Мы никогда не видели тех, кто покидал Зону Дня, никого… кроме Юдики.
Так вот, у нас были свои комнаты. Кроме них была еще верхняя комната, вроде зала для общих собраний, гардеробная, столовая, умывальни, личные апартаменты для четырех менторов и комната для обслуги, библиотека (которая, собственно, занимала не одно, а целых четыре помещения), кладовка и «глухомань» – епархия ментора Заура. Кладовка была укрепленной комнатой в подвале, где Заур хранил оружие и инструменты. Ее дверь, как многие в здании (в первую очередь – комната обслуги и апартаменты наставников) была гладкой, металлической и открывалась программками на наших манжетах.
Надо не забыть подробнее рассказать про манжеты.
«Глухоманью» мы между собой называли дальние, в основном разрушенные части Зоны Дня вдоль восточного крыла здания, где проводили физические тренировки и упражнялись в боевых искусствах. Несколько помещений на нескольких этажах, заброшенные и непригодные ни для какого другого использования. Только одна большая комната в глухомани, неподалеку от кладовки, была нормально защищена от непогоды, и в нее был проведен свет – мы чаще всего использовали ее для тренировок.

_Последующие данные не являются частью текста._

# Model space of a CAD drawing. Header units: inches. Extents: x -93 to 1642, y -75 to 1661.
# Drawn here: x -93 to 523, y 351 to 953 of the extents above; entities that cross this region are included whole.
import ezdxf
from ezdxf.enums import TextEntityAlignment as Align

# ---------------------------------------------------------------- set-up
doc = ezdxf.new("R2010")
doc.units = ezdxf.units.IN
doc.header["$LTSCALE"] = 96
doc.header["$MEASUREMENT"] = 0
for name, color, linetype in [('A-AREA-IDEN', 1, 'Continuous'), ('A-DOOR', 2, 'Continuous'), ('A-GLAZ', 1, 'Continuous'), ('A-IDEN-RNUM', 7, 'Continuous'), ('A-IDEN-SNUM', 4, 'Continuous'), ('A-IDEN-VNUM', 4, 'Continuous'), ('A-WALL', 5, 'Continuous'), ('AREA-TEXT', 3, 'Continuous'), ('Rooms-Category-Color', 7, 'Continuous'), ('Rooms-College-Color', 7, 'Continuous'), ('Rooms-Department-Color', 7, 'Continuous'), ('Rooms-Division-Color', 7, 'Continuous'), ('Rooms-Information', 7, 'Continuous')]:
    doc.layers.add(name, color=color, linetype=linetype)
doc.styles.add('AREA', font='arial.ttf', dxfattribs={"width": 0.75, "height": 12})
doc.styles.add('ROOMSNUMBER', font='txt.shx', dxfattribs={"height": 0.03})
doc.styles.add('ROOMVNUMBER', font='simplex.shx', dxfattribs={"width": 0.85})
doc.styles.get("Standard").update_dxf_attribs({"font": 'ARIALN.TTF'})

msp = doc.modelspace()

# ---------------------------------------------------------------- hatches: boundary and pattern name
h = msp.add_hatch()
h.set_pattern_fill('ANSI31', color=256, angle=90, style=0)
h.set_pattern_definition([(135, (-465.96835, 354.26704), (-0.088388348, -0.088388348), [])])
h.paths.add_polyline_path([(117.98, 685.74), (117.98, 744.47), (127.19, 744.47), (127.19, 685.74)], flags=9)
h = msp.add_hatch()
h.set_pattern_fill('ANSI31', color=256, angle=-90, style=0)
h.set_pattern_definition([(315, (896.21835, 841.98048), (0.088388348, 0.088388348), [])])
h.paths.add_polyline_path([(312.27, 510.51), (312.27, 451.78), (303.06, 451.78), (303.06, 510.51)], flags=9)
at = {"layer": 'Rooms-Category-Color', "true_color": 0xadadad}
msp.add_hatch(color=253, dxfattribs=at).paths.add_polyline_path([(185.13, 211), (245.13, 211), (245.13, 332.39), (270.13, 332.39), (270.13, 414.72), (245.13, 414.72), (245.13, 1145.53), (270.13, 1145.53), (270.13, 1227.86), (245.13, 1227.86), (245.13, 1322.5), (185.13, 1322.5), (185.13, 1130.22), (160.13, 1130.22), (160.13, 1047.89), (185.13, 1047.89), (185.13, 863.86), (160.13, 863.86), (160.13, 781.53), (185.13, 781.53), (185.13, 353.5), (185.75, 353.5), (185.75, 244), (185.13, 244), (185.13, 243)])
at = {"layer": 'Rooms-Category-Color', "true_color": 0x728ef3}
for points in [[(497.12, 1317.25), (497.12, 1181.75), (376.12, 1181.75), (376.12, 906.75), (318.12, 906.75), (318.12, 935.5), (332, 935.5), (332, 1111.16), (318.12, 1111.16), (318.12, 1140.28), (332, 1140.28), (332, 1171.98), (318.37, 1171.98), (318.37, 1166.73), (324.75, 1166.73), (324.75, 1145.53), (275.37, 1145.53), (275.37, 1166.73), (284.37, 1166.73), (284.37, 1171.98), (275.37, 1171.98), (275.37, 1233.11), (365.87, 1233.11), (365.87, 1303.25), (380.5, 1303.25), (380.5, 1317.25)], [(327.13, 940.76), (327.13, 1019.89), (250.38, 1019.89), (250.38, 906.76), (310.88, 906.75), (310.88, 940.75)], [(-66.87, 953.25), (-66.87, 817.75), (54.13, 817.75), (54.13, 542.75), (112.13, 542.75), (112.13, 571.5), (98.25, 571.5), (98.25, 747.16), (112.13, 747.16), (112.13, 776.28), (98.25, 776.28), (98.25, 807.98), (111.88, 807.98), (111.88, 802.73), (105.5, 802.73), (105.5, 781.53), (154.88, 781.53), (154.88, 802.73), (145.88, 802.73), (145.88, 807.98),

Сами тренировки мы называли муштрой.
Именно во время муштры, когда мне пошел двадцать первый год я впервые увидела вблизи смерть человека. И, если уж совсем честно, эта смерть случилась из-за меня.
ГЛАВА 3
В которой я немного отвлекусь, чтобы подробно рассказать о смерти
Позвольте мне сказать все, что я об этом думаю. А сказать по правде, я думаю об этом часто – потому что то, что я видела, шокировало меня и оставило свою отметину. Его смерть оказала влияние на все последующее развитие моего характера, так что, думаю, стОит написать об этом, хотя, думаю, лучше бы было сделать это событие частью другой большой истории. Впрочем, об этом стОит написать в любом случае, в соответствии с тем критерием, который я установила, чтобы решить, какие истории имеет смысл включать в эти записи, а какие – ни к чему.
Когда это случилось, я не осознала, что произошло. В тот момент это был просто шок.
Мне было двадцать три. Дело было к вечеру, темнело. Стояло лето – но в Королеве Мэб даже лето довольно хмурое, и сумерки, укрывшие Зону Дня, как всегда производили мрачное впечатление. Мне надо было спуститься в кладовку, взять там лазерный пистолет и потренироваться с ним. Сшибить несколько бутылок, стоявших на стене – на большее я не рассчитывала. Ментор Заур весьма критически относился к моей меткости, говоря, что я точно никогда не буду показывать такие результаты, как Корлам и Фария, и даже (подумать только!) Рауд, которому было всего пятнадцать. Кроме того, я совсем недавно весьма неуклюже завершила задание в Железном Квартале – получилось бы не так неловко, если бы я стреляла лучше. Там я… нет. Эта история здесь точно будет лишней. Мне надо было потренироваться в стрельбе. Это была задача на текущий момент.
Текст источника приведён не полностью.